What is being asked: Each line from the one holding "Thermostat_Zone_0599100000288491: Heating Setpoint" to the end of the listing below must be given again exactly as it appears.

Available data:
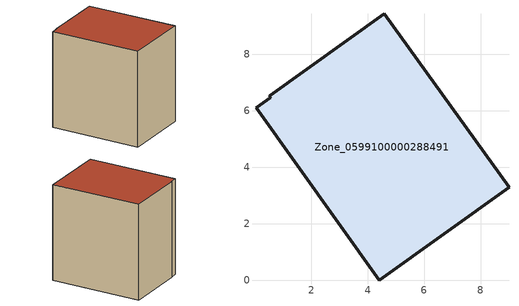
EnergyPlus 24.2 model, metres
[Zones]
Zone_0599100000288491
 floor ground (C_G): 0.55,6.46 0.52,6.54 4.59,9.44 9,3.29 4.4,0 0.04,6.1 z0
 wall outside (C_F): 4.4,0 9,3.29 4.59,9.44 0.52,6.54 0.55,6.46 0.04,6.1 4.4,0 z0:7.92
 roof outside (C_R): 0.55,6.46 0.04,6.1 4.4,0 9,3.29 4.59,9.44 0.52,6.54 z7.92
[BUILDING]
Pand.0599100000288491: North Axis=0; Terrain=City; Loads Convergence Tolerance Value=0.04; Temperature Convergence Tolerance Value=0.4; Solar Distribution=FullExterior; Maximum Number of Warmup Days=25; Minimum Number of Warmup Days=1
[Site:Location]
Rotterdam.The.Hague.AP_ZH_NLD Design_Conditions: Latitude=51.96; Longitude=4.45; Time Zone=1; Elevation=-4.5
[SITE:GROUNDTEMPERATURE:BUILDINGSURFACE]
18, 18, 18, 18, 18, 18, 18, 18, 18, 18, 18, 18
[MATERIAL] Thermal Absorptance=0.9; Solar Absorptance=0.7; Visible Absorptance=0.7
Name | Roughness | Thickness | Conductivity | Density | Specific Heat
G.TC.1975-1991 | MediumSmooth | 0.15 | 0.288461 | 540 | 1210
F.TC.1975-1991 | Rough | 0.3 | 0.230769 | 1920 | 840
R.TC.1975-1991 | MediumRough | 0.2 | 0.153846 | 1500 | 1000
[CONSTRUCTION]
C_G: G.TC.1975-1991
C_F: F.TC.1975-1991
C_R: R.TC.1975-1991
[ZONE]
Zone_0599100000288491: Type=1; Multiplier=1; Ceiling Height=Autocalculate; Volume=Autocalculate; Floor Area=autocalculate; Part of Total Floor Area=Yes
[ZONEINFILTRATION:DESIGNFLOWRATE]
Infil_Zone_0599100000288491: Zone or ZoneList or Space or SpaceList=Zone_0599100000288491; Schedule=AlwaysOn; Design Flow Rate Calculation Method=Flow/Area; Flow Rate per Floor Area=0.003; Constant Term Coefficient=1; Temperature Term Coefficient=0; Velocity Term Coefficient=0; Velocity Squared Term Coefficient=0
[HVACTEMPLATE:ZONE:IDEALLOADSAIRSYSTEM]
Zone_0599100000288491: Maximum Heating Supply Air Temperature=50; Minimum Cooling Supply Air Temperature=13; Maximum Heating Supply Air Humidity Ratio=0.0156; Minimum Cooling Supply Air Humidity Ratio=0.0077; Heating Limit=NoLimit; Cooling Limit=NoLimit; Dehumidification Control Type=ConstantSensibleHeatRatio; Cooling Sensible Heat Ratio=0.7; Dehumidification Setpoint=60; Humidification Control Type=None; Humidification Setpoint=30; Outdoor Air Method=None; Outdoor Air Flow Rate per Person=0.00944; Outdoor Air Flow Rate per Zone Floor Area=0; Outdoor Air Flow Rate per Zone=0; Demand Controlled Ventilation Type=None; Outdoor Air Economizer Type=NoEconomizer; Heat Recovery Type=None; Sensible Heat Recovery Effectiveness=0.7; Latent Heat Recovery Effectiveness=0.65
[ZONECONTROL:THERMOSTAT]
ThermostatControl_Zone_0599100000288491: Zone or ZoneList=Zone_0599100000288491; Control Type Schedule=DualSetpointControlType; Control 1=Thermostat_Zone_0599100000288491; Temperature Difference Between Cutout And Setpoint=0
[THERMOSTATSETPOINT:DUALSETPOINT]
Thermostat_Zone_0599100000288491: Heating Setpoint Temperature Schedule=HeatingSetpoint_Zone_0599100000288491; Cooling Setpoint Temperature Schedule=CoolingSetpoint_Zone_0599100000288491
[SCHEDULE:COMPACT]
HeatingSetpoint_Zone_0599100000288491: Through: 12/31, For: AllDays, Until: 24:00, 21
CoolingSetpoint_Zone_0599100000288491: Through: 12/31, For: AllDays, Until: 24:00, 24
DualSetpointControlType: Through: 12/31, For: AllDays, Until: 24:00, 4
AlwaysOn: Through: 12/31, For: AllDays, Until: 24:00, 1

Answer to this problem:
Thermostat_Zone_0599100000288491: Heating Setpoint Temperature Schedule=HeatingSetpoint_Zone_0599100000288491; Cooling Setpoint Temperature Schedule=CoolingSetpoint_Zone_0599100000288491
[SCHEDULE:COMPACT]
HeatingSetpoint_Zone_0599100000288491: Through: 12/31, For: AllDays, Until: 24:00, 21
CoolingSetpoint_Zone_0599100000288491: Through: 12/31, For: AllDays, Until: 24:00, 24
DualSetpointControlType: Through: 12/31, For: AllDays, Until: 24:00, 4
AlwaysOn: Through: 12/31, For: AllDays, Until: 24:00, 1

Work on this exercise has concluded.